I addressed this issue in my survey of $TZ parsing.  glibc and HP-UX
both accept System V strings both with and without leading ":".  glibc,
Olson, and Solaris all accept filenames (including Olson names) both
with and without ":".  Basically, the consensus $TZ syntax is the same
both with and without ":".  Consistently ignoring the leading ":" is
where the trend is heading.

>1. Make SystemV & Tzfile entirely optional.
>2. Use the Olson versions of existing SystemV names (follows from 1)
>3. Use File::Spec->file_name_is_absolute to determine if a name could be a 
>path to a tz file.

Patch attached does 1 and 2, and does filename translation instead of 3.
I extended 2 to the non-SysV single-part Olson names that my previous
patch implemented as links to SysV strings.

There were also two SysV-style strings that were never in Olson, but which
DT::TZ had as links to Olson zones.  These are "AKST9AKDT" and "JST-9".
They were added to satisfy particular DT::TZ users who were using these
$TZ settings.  As they're not in Olson, I reckon these should be treated
as any ordinary SysV string, so this patch has no grandfathering for them.
Those users will have to install DT::TZ::SystemV.  Grandfathering for
them is easily added if you really want to.

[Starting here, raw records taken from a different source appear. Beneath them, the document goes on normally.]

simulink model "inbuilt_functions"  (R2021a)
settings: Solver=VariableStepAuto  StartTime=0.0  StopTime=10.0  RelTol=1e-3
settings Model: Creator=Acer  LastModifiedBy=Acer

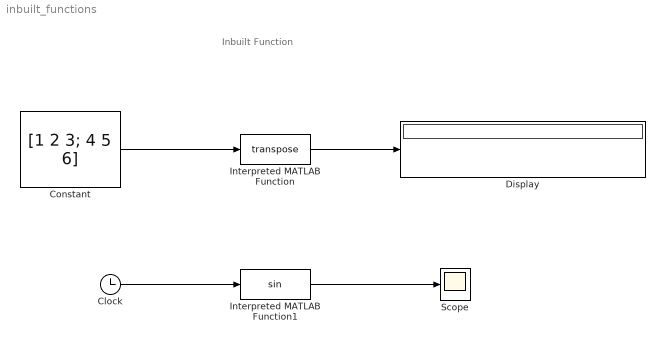
== system inbuilt_functions ==
  note: Inbuilt Function
  Clock : Clock
  Constant : Constant  Value=[1 2 3; 4 5 6]
  Display : Display
  Interpreted MATLAB Function : MATLABFcn  MATLABFcn=transpose  Output1D=off
  Interpreted MATLAB Function1 : MATLABFcn  Output1D=off
  Scope : Scope
  wires:
  Interpreted MATLAB Function/1 -> Display/1
  Constant/1 -> Interpreted MATLAB Function/1
  Interpreted MATLAB Function1/1 -> Scope/1
  Clock/1 -> Interpreted MATLAB Function1/1

In other respects it's equivalent to the previous patch.  As before
you'll need to rerun tools/parse_olson, to pick up the changes to
TimeZoneCatalog.pm.

-zefram
diff -ur dttz-0.6101/lib/DateTime/TimeZone/Local.pm 
dttz-mod1/lib/DateTime/TimeZone/Local.pm
--- dttz-0.6101/lib/DateTime/TimeZone/Local.pm  2007-02-18 15:54:12.000000000 
+0000
+++ dttz-mod1/lib/DateTime/TimeZone/Local.pm    2007-02-19 19:30:30.018396544 
+0000
@@ -92,7 +92,7 @@
     return 0 unless defined $_[0];
     return 0 if $_[0] eq 'local';
 
-    return $_[0] =~ m{^[\w/\-\+]+$};
+    return 1;
 }
 
 
diff -ur dttz-0.6101/lib/DateTime/TimeZone/OlsonDB.pm 
dttz-mod1/lib/DateTime/TimeZone/OlsonDB.pm
--- dttz-0.6101/lib/DateTime/TimeZone/OlsonDB.pm        2007-02-18 
15:54:11.000000000 +0000
+++ dttz-mod1/lib/DateTime/TimeZone/OlsonDB.pm  2007-02-19 00:02:04.000000000 
+0000
@@ -111,8 +111,6 @@
         $name = shift @items;
     }
 
-    return if $name =~ /[WCME]ET/ && ! $self->{backwards_compat};
-
     @obs{ qw( gmtoff rules format until ) } = @items;
 
     if ( $obs{rules} =~ /\d\d?:\d\d/ )
diff -ur dttz-0.6101/lib/DateTime/TimeZone.pm dttz-mod1/lib/DateTime/TimeZone.pm
--- dttz-0.6101/lib/DateTime/TimeZone.pm        2007-02-18 15:54:12.000000000 
+0000
+++ dttz-mod1/lib/DateTime/TimeZone.pm  2007-02-19 20:19:13.383139216 +0000
@@ -6,10 +6,6 @@
 $VERSION = '0.6101';
 
 use DateTime::TimeZoneCatalog;
-use DateTime::TimeZone::Floating;
-use DateTime::TimeZone::Local;
-use DateTime::TimeZone::OffsetOnly;
-use DateTime::TimeZone::UTC;
 use Params::Validate qw( validate validate_pos SCALAR ARRAYREF BOOLEAN );
 
 use constant INFINITY     =>       100 ** 1000 ;
@@ -24,7 +20,8 @@
 use constant IS_DST      => 5;
 use constant SHORT_NAME  => 6;
 
-my %SpecialName = map { $_ => 1 } qw( EST MST HST EST5EDT CST6CDT MST7MDT 
PST8PDT );
+my %grandfather_olson = map { $_ => 1 }
+       qw( CST6CDT EST EST5EDT HST MST MST7MDT PST8PDT );
 
 sub new
 {
@@ -33,66 +30,85 @@
                       { name => { type => SCALAR } },
                     );
 
-    if ( exists $DateTime::TimeZone::LINKS{ $p{name} } )
+    if ( $p{name} eq 'local' )
     {
-        $p{name} = $DateTime::TimeZone::LINKS{ $p{name} };
+        require DateTime::TimeZone::Local;
+        return DateTime::TimeZone::Local->TimeZone;
     }
-    elsif ( exists $DateTime::TimeZone::LINKS{ uc $p{name} } )
+
+    my $name = $p{name};
+    $name =~ s/\A://;
+
+    if ( exists $DateTime::TimeZone::LINKS{ $name } )
     {
-        $p{name} = $DateTime::TimeZone::LINKS{ uc $p{name} };
+        $name = $DateTime::TimeZone::LINKS{ $name };
     }
-
-    unless ( $p{name} =~ m,/,
-             || $SpecialName{ $p{name} }
-           )
+    elsif ( exists $DateTime::TimeZone::LINKS{ uc $name } )
     {
-        if ( $p{name} eq 'floating' )
-        {
-            return DateTime::TimeZone::Floating->new;
-        }
-
-        if ( $p{name} eq 'local' )
-        {
-            return DateTime::TimeZone::Local->TimeZone();
-        }
-
-        if ( $p{name} eq 'UTC' || $p{name} eq 'Z' )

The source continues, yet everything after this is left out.